**Stored items from a collection**
══════════

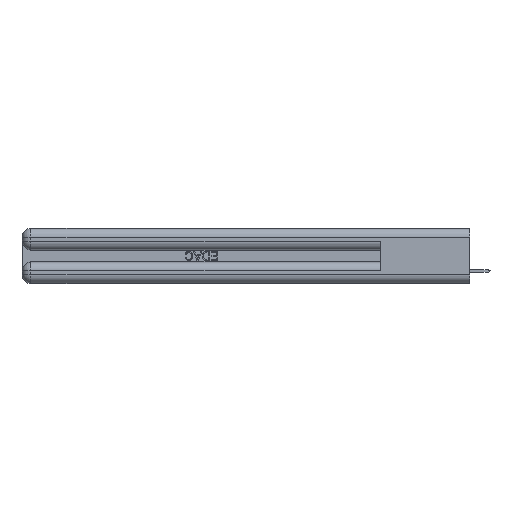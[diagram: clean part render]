
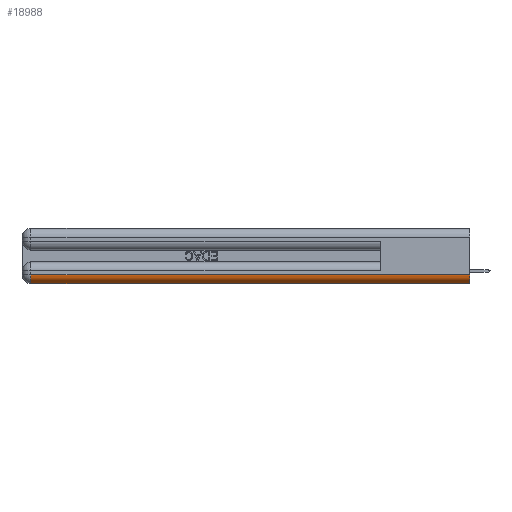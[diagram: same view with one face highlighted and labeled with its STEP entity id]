
A CAD part, left-side view. The second image highlights one B-rep face of the part: STEP entity #18988.
In plain terms, the highlighted cylindrical face has radius 1.524 mm (diameter 3.048 mm), a partial arc.
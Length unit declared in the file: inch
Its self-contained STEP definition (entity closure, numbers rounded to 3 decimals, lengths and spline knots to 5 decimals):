
#200 = EDGE_CURVE ( 'NONE', #36735, #30146, #27303, .T. ) ;
#1748 = ORIENTED_EDGE ( 'NONE', *, *, #46154, .F. ) ;
#3566 = DIRECTION ( 'NONE',  ( 0., -1., 0. ) ) ;
#3837 = CARTESIAN_POINT ( 'NONE',  ( 0.06, 0., 0.06 ) ) ;
#7764 = VECTOR ( 'NONE', #48694, 39.37008 ) ;
#8564 = CARTESIAN_POINT ( 'NONE',  ( 0., 0., 0.06 ) ) ;
#10096 = EDGE_LOOP ( 'NONE', ( #49258, #1748, #29147, #15209 ) ) ;
#12907 = CIRCLE ( 'NONE', #31978, 0.06 ) ;
#13891 = LINE ( 'NONE', #8564, #50226 ) ;
#13928 = CARTESIAN_POINT ( 'NONE',  ( 0.06, 0., 0. ) ) ;
#15209 = ORIENTED_EDGE ( 'NONE', *, *, #200, .F. ) ;
#16518 = FACE_OUTER_BOUND ( 'NONE', #10096, .T. ) ;
#17175 = VERTEX_POINT ( 'NONE', #50186 ) ;
#18969 = AXIS2_PLACEMENT_3D ( 'NONE', #23057, #52040, #22506 ) ;
#18988 = ADVANCED_FACE ( 'NONE', ( #16518 ), #33080, .T. ) ;
#21026 = DIRECTION ( 'NONE',  ( 0., -1., 0. ) ) ;
#21119 = DIRECTION ( 'NONE',  ( 0., 1., 0. ) ) ;
#21274 = AXIS2_PLACEMENT_3D ( 'NONE', #49870, #21119, #41991 ) ;
#21447 = CARTESIAN_POINT ( 'NONE',  ( 0., 0., 0.06 ) ) ;
#22506 = DIRECTION ( 'NONE',  ( 0., 0., 1. ) ) ;
#23057 = CARTESIAN_POINT ( 'NONE',  ( 0.06, 2.94, 0.06 ) ) ;
#24955 = VERTEX_POINT ( 'NONE', #21447 ) ;
#27303 = LINE ( 'NONE', #35713, #7764 ) ;
#29147 = ORIENTED_EDGE ( 'NONE', *, *, #45362, .F. ) ;
#30146 = VERTEX_POINT ( 'NONE', #47583 ) ;
#31978 = AXIS2_PLACEMENT_3D ( 'NONE', #3837, #3566, #48840 ) ;
#33080 = CYLINDRICAL_SURFACE ( 'NONE', #21274, 0.06 ) ;
#35713 = CARTESIAN_POINT ( 'NONE',  ( 0.06, 3., 0. ) ) ;
#36735 = VERTEX_POINT ( 'NONE', #13928 ) ;
#41991 = DIRECTION ( 'NONE',  ( 0., 0., 1. ) ) ;
#45113 = EDGE_CURVE ( 'NONE', #24955, #36735, #12907, .T. ) ;
#45362 = EDGE_CURVE ( 'NONE', #30146, #17175, #50110, .T. ) ;
#46154 = EDGE_CURVE ( 'NONE', #17175, #24955, #13891, .T. ) ;
#47583 = CARTESIAN_POINT ( 'NONE',  ( 0.06, 2.94, 0. ) ) ;
#48694 = DIRECTION ( 'NONE',  ( 0., 1., 0. ) ) ;
#48840 = DIRECTION ( 'NONE',  ( 0., 0., 1. ) ) ;
#49258 = ORIENTED_EDGE ( 'NONE', *, *, #45113, .F. ) ;
#49870 = CARTESIAN_POINT ( 'NONE',  ( 0.06, 0., 0.06 ) ) ;
#50110 = CIRCLE ( 'NONE', #18969, 0.06 ) ;
#50186 = CARTESIAN_POINT ( 'NONE',  ( 0., 2.94, 0.06 ) ) ;
#50226 = VECTOR ( 'NONE', #21026, 39.37008 ) ;
#52040 = DIRECTION ( 'NONE',  ( 0., 1., 0. ) ) ;
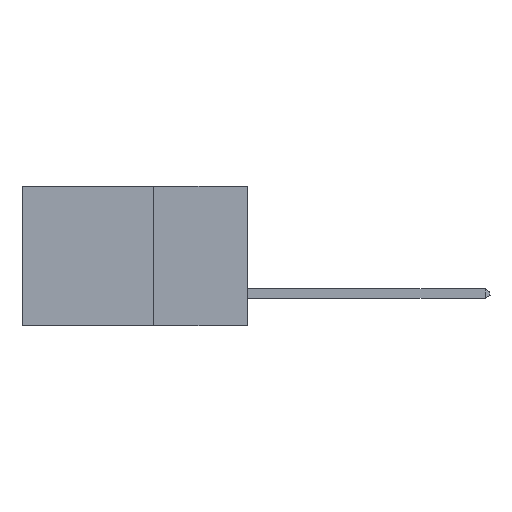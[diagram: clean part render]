
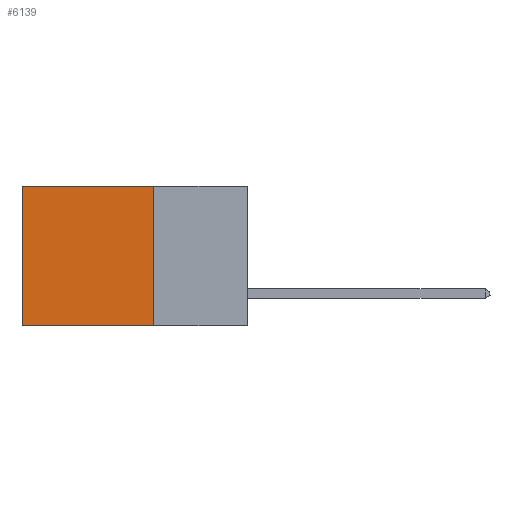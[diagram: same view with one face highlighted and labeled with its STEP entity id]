
A CAD part, left-side view. The second image highlights one B-rep face of the part: STEP entity #6139.
In plain terms, the highlighted planar face has unit normal (-1, 0, 0).
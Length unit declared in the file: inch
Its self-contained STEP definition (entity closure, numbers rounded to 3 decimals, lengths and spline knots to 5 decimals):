
#1879 = CARTESIAN_POINT ( 'NONE',  ( 0.298, 0.25, 0. ) ) ;
#2667 = LINE ( 'NONE', #7801, #19055 ) ;
#2812 = ORIENTED_EDGE ( 'NONE', *, *, #13628, .F. ) ;
#5342 = CARTESIAN_POINT ( 'NONE',  ( 0.298, 0.25, -0.37 ) ) ;
#5344 = DIRECTION ( 'NONE',  ( 0., 0., -1. ) ) ;
#5393 = DIRECTION ( 'NONE',  ( 0., 0., -1. ) ) ;
#6139 = ADVANCED_FACE ( 'NONE', ( #21341 ), #10305, .F. ) ;
#6942 = ORIENTED_EDGE ( 'NONE', *, *, #18942, .T. ) ;
#7383 = LINE ( 'NONE', #1879, #21334 ) ;
#7801 = CARTESIAN_POINT ( 'NONE',  ( 0.298, 0.25, -0.37 ) ) ;
#8371 = AXIS2_PLACEMENT_3D ( 'NONE', #17475, #12165, #5344 ) ;
#8865 = CARTESIAN_POINT ( 'NONE',  ( 0.298, 0.25, 0. ) ) ;
#9871 = CARTESIAN_POINT ( 'NONE',  ( 0.298, 0.6, 0. ) ) ;
#10070 = ORIENTED_EDGE ( 'NONE', *, *, #16847, .F. ) ;
#10305 = PLANE ( 'NONE',  #8371 ) ;
#10325 = ORIENTED_EDGE ( 'NONE', *, *, #13558, .T. ) ;
#11248 = DIRECTION ( 'NONE',  ( 0., 1., 0. ) ) ;
#11507 = VERTEX_POINT ( 'NONE', #14351 ) ;
#11549 = VECTOR ( 'NONE', #5393, 39.37008 ) ;
#12165 = DIRECTION ( 'NONE',  ( 1., 0., 0. ) ) ;
#12769 = EDGE_LOOP ( 'NONE', ( #10325, #10070, #2812, #6942 ) ) ;
#13005 = VERTEX_POINT ( 'NONE', #8865 ) ;
#13558 = EDGE_CURVE ( 'NONE', #14876, #11507, #16176, .T. ) ;
#13628 = EDGE_CURVE ( 'NONE', #13005, #21239, #19496, .T. ) ;
#14126 = DIRECTION ( 'NONE',  ( 0., 1., 0. ) ) ;
#14132 = CARTESIAN_POINT ( 'NONE',  ( 0.298, 0.6, 0. ) ) ;
#14351 = CARTESIAN_POINT ( 'NONE',  ( 0.298, 0.6, -0.37 ) ) ;
#14876 = VERTEX_POINT ( 'NONE', #9871 ) ;
#16176 = LINE ( 'NONE', #14132, #11549 ) ;
#16847 = EDGE_CURVE ( 'NONE', #21239, #11507, #2667, .T. ) ;
#17475 = CARTESIAN_POINT ( 'NONE',  ( 0.298, 0.25, 0. ) ) ;
#18942 = EDGE_CURVE ( 'NONE', #13005, #14876, #7383, .T. ) ;
#19055 = VECTOR ( 'NONE', #11248, 39.37008 ) ;
#19496 = LINE ( 'NONE', #21028, #21928 ) ;
#19603 = DIRECTION ( 'NONE',  ( 0., 0., -1. ) ) ;
#21028 = CARTESIAN_POINT ( 'NONE',  ( 0.298, 0.25, 0. ) ) ;
#21239 = VERTEX_POINT ( 'NONE', #5342 ) ;
#21334 = VECTOR ( 'NONE', #14126, 39.37008 ) ;
#21341 = FACE_OUTER_BOUND ( 'NONE', #12769, .T. ) ;
#21928 = VECTOR ( 'NONE', #19603, 39.37008 ) ;
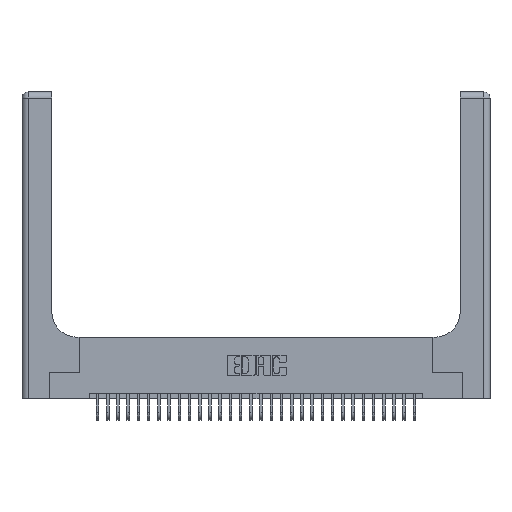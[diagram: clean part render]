
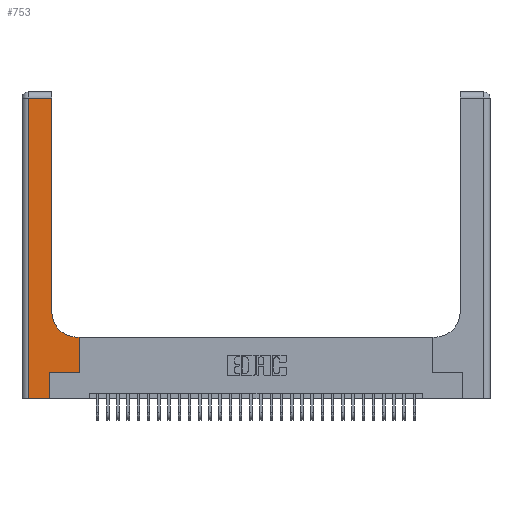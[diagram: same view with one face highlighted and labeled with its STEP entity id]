
A CAD part, top view. The second image highlights one B-rep face of the part: STEP entity #753.
In plain terms, the highlighted planar face has unit normal (0, 0, 1).
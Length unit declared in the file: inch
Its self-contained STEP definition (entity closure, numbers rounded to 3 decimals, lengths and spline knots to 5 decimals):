
#753 = ADVANCED_FACE ( 'NONE', ( #30177 ), #5859, .F. ) ;
#2479 = DIRECTION ( 'NONE',  ( -1., 0., 0. ) ) ;
#2956 = VERTEX_POINT ( 'NONE', #26233 ) ;
#3053 = DIRECTION ( 'NONE',  ( 1., 0., 0. ) ) ;
#3172 = CARTESIAN_POINT ( 'NONE',  ( 0., 3., 0.37 ) ) ;
#3276 = CARTESIAN_POINT ( 'NONE',  ( 0.269, 0.25, 0.37 ) ) ;
#3291 = VECTOR ( 'NONE', #29193, 39.37008 ) ;
#3551 = EDGE_LOOP ( 'NONE', ( #31622, #31463, #16236, #16657, #26200, #27187, #11775, #31653, #11799 ) ) ;
#4259 = AXIS2_PLACEMENT_3D ( 'NONE', #3172, #8746, #16416 ) ;
#5787 = EDGE_CURVE ( 'NONE', #29804, #2956, #12818, .T. ) ;
#5853 = LINE ( 'NONE', #6334, #21995 ) ;
#5859 = PLANE ( 'NONE',  #4259 ) ;
#6261 = EDGE_CURVE ( 'NONE', #26207, #16248, #21990, .T. ) ;
#6334 = CARTESIAN_POINT ( 'NONE',  ( 0.269, 0., 0.37 ) ) ;
#6342 = VERTEX_POINT ( 'NONE', #7050 ) ;
#6633 = CARTESIAN_POINT ( 'NONE',  ( 0.5585, 0.6, 0.37 ) ) ;
#7050 = CARTESIAN_POINT ( 'NONE',  ( 0.269, 0., 0.37 ) ) ;
#7247 = DIRECTION ( 'NONE',  ( -1., 0., 0. ) ) ;
#7531 = VECTOR ( 'NONE', #16256, 39.37008 ) ;
#7558 = DIRECTION ( 'NONE',  ( 1., 0., 0. ) ) ;
#7639 = CARTESIAN_POINT ( 'NONE',  ( 0.06, 2.94, 0.37 ) ) ;
#8171 = VECTOR ( 'NONE', #3053, 39.37008 ) ;
#8330 = EDGE_CURVE ( 'NONE', #2956, #6342, #16666, .T. ) ;
#8617 = CARTESIAN_POINT ( 'NONE',  ( 0., 0., 0.37 ) ) ;
#8746 = DIRECTION ( 'NONE',  ( 0., 0., -1. ) ) ;
#8928 = CARTESIAN_POINT ( 'NONE',  ( 0.2915, 2.94, 0.37 ) ) ;
#8947 = EDGE_CURVE ( 'NONE', #11691, #13021, #10048, .T. ) ;
#10048 = LINE ( 'NONE', #23481, #29685 ) ;
#10240 = VECTOR ( 'NONE', #29145, 39.37008 ) ;
#11691 = VERTEX_POINT ( 'NONE', #6633 ) ;
#11775 = ORIENTED_EDGE ( 'NONE', *, *, #28911, .T. ) ;
#11799 = ORIENTED_EDGE ( 'NONE', *, *, #14972, .T. ) ;
#12818 = LINE ( 'NONE', #22402, #15625 ) ;
#13021 = VERTEX_POINT ( 'NONE', #15303 ) ;
#13380 = VECTOR ( 'NONE', #2479, 39.37008 ) ;
#13654 = CARTESIAN_POINT ( 'NONE',  ( 0.2915, 3., 0.37 ) ) ;
#14191 = LINE ( 'NONE', #28562, #13380 ) ;
#14277 = DIRECTION ( 'NONE',  ( 0., 1., 0. ) ) ;
#14972 = EDGE_CURVE ( 'NONE', #13021, #26207, #16991, .T. ) ;
#15303 = CARTESIAN_POINT ( 'NONE',  ( 0.5415, 0.6, 0.37 ) ) ;
#15625 = VECTOR ( 'NONE', #17075, 39.37008 ) ;
#16236 = ORIENTED_EDGE ( 'NONE', *, *, #5787, .T. ) ;
#16248 = VERTEX_POINT ( 'NONE', #8928 ) ;
#16256 = DIRECTION ( 'NONE',  ( 0., 1., 0. ) ) ;
#16416 = DIRECTION ( 'NONE',  ( -1., 0., 0. ) ) ;
#16657 = ORIENTED_EDGE ( 'NONE', *, *, #8330, .T. ) ;
#16666 = LINE ( 'NONE', #8617, #10240 ) ;
#16991 = CIRCLE ( 'NONE', #20069, 0.25 ) ;
#17075 = DIRECTION ( 'NONE',  ( 0., -1., 0. ) ) ;
#19466 = LINE ( 'NONE', #3276, #8171 ) ;
#20069 = AXIS2_PLACEMENT_3D ( 'NONE', #22942, #23163, #7558 ) ;
#20953 = EDGE_CURVE ( 'NONE', #6342, #25639, #5853, .T. ) ;
#21064 = LINE ( 'NONE', #29296, #3291 ) ;
#21532 = CARTESIAN_POINT ( 'NONE',  ( 0.2915, 0.85, 0.37 ) ) ;
#21990 = LINE ( 'NONE', #13654, #7531 ) ;
#21995 = VECTOR ( 'NONE', #14277, 39.37008 ) ;
#22402 = CARTESIAN_POINT ( 'NONE',  ( 0.06, 3., 0.37 ) ) ;
#22942 = CARTESIAN_POINT ( 'NONE',  ( 0.5415, 0.85, 0.37 ) ) ;
#23163 = DIRECTION ( 'NONE',  ( 0., 0., -1. ) ) ;
#23481 = CARTESIAN_POINT ( 'NONE',  ( 0.2915, 0.6, 0.37 ) ) ;
#24365 = EDGE_CURVE ( 'NONE', #25639, #30957, #19466, .T. ) ;
#24884 = EDGE_CURVE ( 'NONE', #16248, #29804, #14191, .T. ) ;
#25639 = VERTEX_POINT ( 'NONE', #29748 ) ;
#26200 = ORIENTED_EDGE ( 'NONE', *, *, #20953, .T. ) ;
#26207 = VERTEX_POINT ( 'NONE', #21532 ) ;
#26233 = CARTESIAN_POINT ( 'NONE',  ( 0.06, 0., 0.37 ) ) ;
#27187 = ORIENTED_EDGE ( 'NONE', *, *, #24365, .T. ) ;
#28005 = CARTESIAN_POINT ( 'NONE',  ( 0.5585, 0.25, 0.37 ) ) ;
#28562 = CARTESIAN_POINT ( 'NONE',  ( 0., 2.94, 0.37 ) ) ;
#28911 = EDGE_CURVE ( 'NONE', #30957, #11691, #21064, .T. ) ;
#29145 = DIRECTION ( 'NONE',  ( 1., 0., 0. ) ) ;
#29193 = DIRECTION ( 'NONE',  ( 0., 1., 0. ) ) ;
#29296 = CARTESIAN_POINT ( 'NONE',  ( 0.5585, 0.25, 0.37 ) ) ;
#29685 = VECTOR ( 'NONE', #7247, 39.37008 ) ;
#29748 = CARTESIAN_POINT ( 'NONE',  ( 0.269, 0.25, 0.37 ) ) ;
#29804 = VERTEX_POINT ( 'NONE', #7639 ) ;
#30177 = FACE_OUTER_BOUND ( 'NONE', #3551, .T. ) ;
#30957 = VERTEX_POINT ( 'NONE', #28005 ) ;
#31463 = ORIENTED_EDGE ( 'NONE', *, *, #24884, .T. ) ;
#31622 = ORIENTED_EDGE ( 'NONE', *, *, #6261, .T. ) ;
#31653 = ORIENTED_EDGE ( 'NONE', *, *, #8947, .T. ) ;

══════════

**TASK GOAL**
Set down, exactly as they stand above, the lines starting with the line with "#5342 = CARTESIAN_POINT" and going on through the line with "#11507 = VERTEX_POINT ( 'NONE', #14351 ) ;", and no others.

**SOLUTION**
#5342 = CARTESIAN_POINT ( 'NONE',  ( 0.298, 0.25, -0.37 ) ) ;
#5344 = DIRECTION ( 'NONE',  ( 0., 0., -1. ) ) ;
#5393 = DIRECTION ( 'NONE',  ( 0., 0., -1. ) ) ;
#6139 = ADVANCED_FACE ( 'NONE', ( #21341 ), #10305, .F. ) ;
#6942 = ORIENTED_EDGE ( 'NONE', *, *, #18942, .T. ) ;
#7383 = LINE ( 'NONE', #1879, #21334 ) ;
#7801 = CARTESIAN_POINT ( 'NONE',  ( 0.298, 0.25, -0.37 ) ) ;
#8371 = AXIS2_PLACEMENT_3D ( 'NONE', #17475, #12165, #5344 ) ;
#8865 = CARTESIAN_POINT ( 'NONE',  ( 0.298, 0.25, 0. ) ) ;
#9871 = CARTESIAN_POINT ( 'NONE',  ( 0.298, 0.6, 0. ) ) ;
#10070 = ORIENTED_EDGE ( 'NONE', *, *, #16847, .F. ) ;
#10305 = PLANE ( 'NONE',  #8371 ) ;
#10325 = ORIENTED_EDGE ( 'NONE', *, *, #13558, .T. ) ;
#11248 = DIRECTION ( 'NONE',  ( 0., 1., 0. ) ) ;
#11507 = VERTEX_POINT ( 'NONE', #14351 ) ;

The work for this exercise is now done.